More details should be added with regard to the area of pathology. First about advantages: English language is used in the medical education and for clinical records in hospitals; rather new literature is used both in histopathology and in clinical departments, although, in general, there is a shortage of modern books. Two editions were mainly used in the Department of Pathology: Ackerman's Surgical Pathology and the Lever's Histopathology of the Skin. Pathologists have high level of knowledge, are responsible and attentive while performing histopathological examinations. Some of them had studied or practiced in Western countries. There is modern equipment in the Department, but a part of it, e.g. a freezing microtome and an automatic tissue processor, were out of use because of insufficient servicing and shortage of chemicals. Only hematoxylin and eosin stain was applied in histopathology in Baghdad Teaching Hospital; but special stains, immunohistochemistry, and other modern methods were performed by some private laboratories, thus being, in principle, available for patients. Intra-departmental consultations were frequent and efficient; in fact, difficult cases were examined by all pathologists of the Department. External consultations with participation of specialists from other institutions were less frequent, but they were performed in case of indications, such as in an osteoblastoma case discussed below. With regard to the continuing medical education, it is difficult to give a comprehensive overview from a position of a volunteer in a Department of Pathology, but there were residents and rotators in the Department, who were highly motivated and demonstrated a good level of professional knowledge. With regard to the residents in clinical departments, as mentioned above, their number was rather high in the Medical City of Baghdad, while not all of them were regularly engaged in professional activity.

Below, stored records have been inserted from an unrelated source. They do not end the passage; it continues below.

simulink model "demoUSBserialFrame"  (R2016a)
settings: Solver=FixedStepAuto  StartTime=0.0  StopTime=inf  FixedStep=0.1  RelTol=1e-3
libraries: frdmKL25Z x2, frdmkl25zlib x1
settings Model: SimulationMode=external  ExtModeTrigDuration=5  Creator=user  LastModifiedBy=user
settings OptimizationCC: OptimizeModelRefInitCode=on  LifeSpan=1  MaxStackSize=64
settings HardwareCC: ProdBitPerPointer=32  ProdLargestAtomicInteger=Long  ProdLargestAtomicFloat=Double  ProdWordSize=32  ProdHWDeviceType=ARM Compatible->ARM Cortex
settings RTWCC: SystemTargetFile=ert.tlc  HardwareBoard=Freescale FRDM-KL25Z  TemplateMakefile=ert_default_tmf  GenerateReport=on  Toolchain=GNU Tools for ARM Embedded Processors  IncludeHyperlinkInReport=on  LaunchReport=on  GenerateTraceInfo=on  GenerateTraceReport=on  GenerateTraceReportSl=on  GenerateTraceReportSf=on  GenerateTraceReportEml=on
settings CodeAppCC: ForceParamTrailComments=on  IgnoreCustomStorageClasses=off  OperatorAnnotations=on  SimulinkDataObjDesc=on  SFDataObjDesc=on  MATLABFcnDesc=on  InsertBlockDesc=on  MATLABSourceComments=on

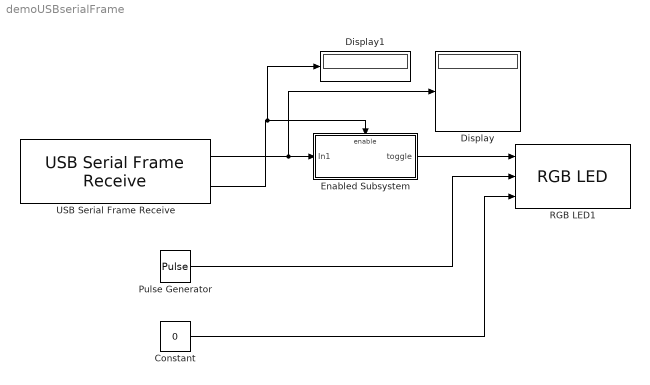
== system demoUSBserialFrame ==
  Constant : Constant  Value=0
  Display : Display
  Display1 : Display
  Enabled Subsystem : Subsystem  TreatAsAtomicUnit=on
  Pulse Generator : DiscretePulseGenerator  Amplitude=100
  RGB LED1 : frdmkl25zlib/RGB LED
  USB Serial Frame Receive : frdmKL25Z/USB Serial Frame Receive  SOFbyte=254  EOFbyte=255  msgLen=10  SimulateUsing=Code generation
  wires:
  USB Serial Frame Receive/1 -> Display/1, Enabled Subsystem/1(In1)
  USB Serial Frame Receive/2 -> Display1/1, Enabled Subsystem/Enable
  Enabled Subsystem/1(toggle) -> RGB LED1/1
  Pulse Generator/1 -> RGB LED1/2
  Constant/1 -> RGB LED1/3

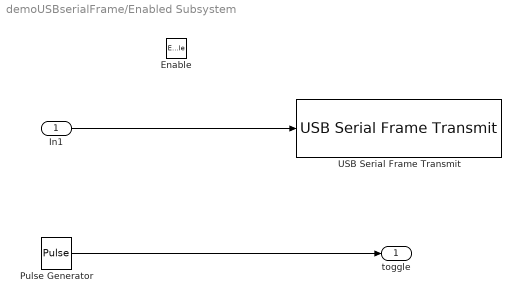
== system demoUSBserialFrame/Enabled Subsystem ==
  In1 : Inport
  Enable : EnablePort
  Pulse Generator : DiscretePulseGenerator  Amplitude=100  SampleTime=-1
  USB Serial Frame Transmit : frdmKL25Z/USB Serial Frame Transmit  SOFbyte=254  EOFbyte=255  SimulateUsing=Code generation
  toggle : Outport
  wires:
  In1/1 -> USB Serial Frame Transmit/1
  Pulse Generator/1 -> toggle/1

Some drawbacks in the practice of pathology should be mentioned, which obviously resulted from shortage of adequately trained technical personnel, although technicians are skilled and can produce high quality specimens. Confusion of specimens sometimes occurred. Sets of histological slides were sometimes given to the pathologists incompletely, some blocks being left uncut. Histological specimens were not always clearly marked. The room for gross dissection had neither ventilation nor air conditioning. Biopsies were often left “until tomorrow”, sometimes because of lacking clinical data. Telephonic contact with clinicians was relatively seldom. Pathologists obtain clinical information mainly from patients or their relatives, who bring specimens to the laboratory. This practice has advantages: pathologists can examine a patient or perform a fine-needle aspiration. If necessary, a patient can be asked to bring X-ray, CT, or other additional information; for example, a complicated diagnosis of a bone tumor (osteoblastoma in a child) was successfully made in this way and later confirmed by an external consultation. On the other hand, specimens are often put aside “until the patient comes”, and can be left for many days. There were no special programs of quality control; although they would be useful for ensuring of more reliable work of the laboratory, preventing specimen confusion, guaranteeing cutting of all blocks, clear marking of specimens and so forth. No autopsies were performed in the Medical City of Baghdad. No special regulations existed with regard to the waste disposal, and the waste from the department of pathology was disposed together with other waste from the hospital. Used formalin and other solutions were purred out into the sewerage. Another drawback was an often inadequate formalin fixation of specimens in clinical departments, both of small biopsies and of large surgical specimens, which sometimes resulted in tissue autolysis (this problem was prominent also at the Basra Teaching Hospital). The problem was partly caused by lack of suitable containers for fixation, and the specimens were placed into plastic pockets. We discussed it with clinicians in the Medical City of Baghdad, and a tendency of improvement was noticed.
To conclude optimistically, it must be said that health care in Iraq has essential prerequisites for successful development. Shortages and difficulties were partly caused by mismanagement at the time of the previous regime and are probably temporary in their nature. Unfortunately, health care authorities and hospital managers sometimes belittle and disregard some internally solvable problems, even if a solution can be found. Possible suggestions for those who will want to help out include different kinds of material aid[3], although supplies have been improving during last years[4]. Considering shortage of modern professional literature, donations to Iraqi medical institutions of books, e.g. previous editions of handbooks and manuals becoming unnecessary after acquisition of newer editions, would help to improve diagnostics. Telepathology and online consultations, exemplified by the program International Consultants in Medicine[5], are also helpful for the same purpose. Volunteering and clinical attachments of foreign pathologists or other medical specialists are particularly useful because they enable to see internal problems from another viewpoint, which can be helpful in finding solutions. This approach would be useful also in the former Soviet Union[2].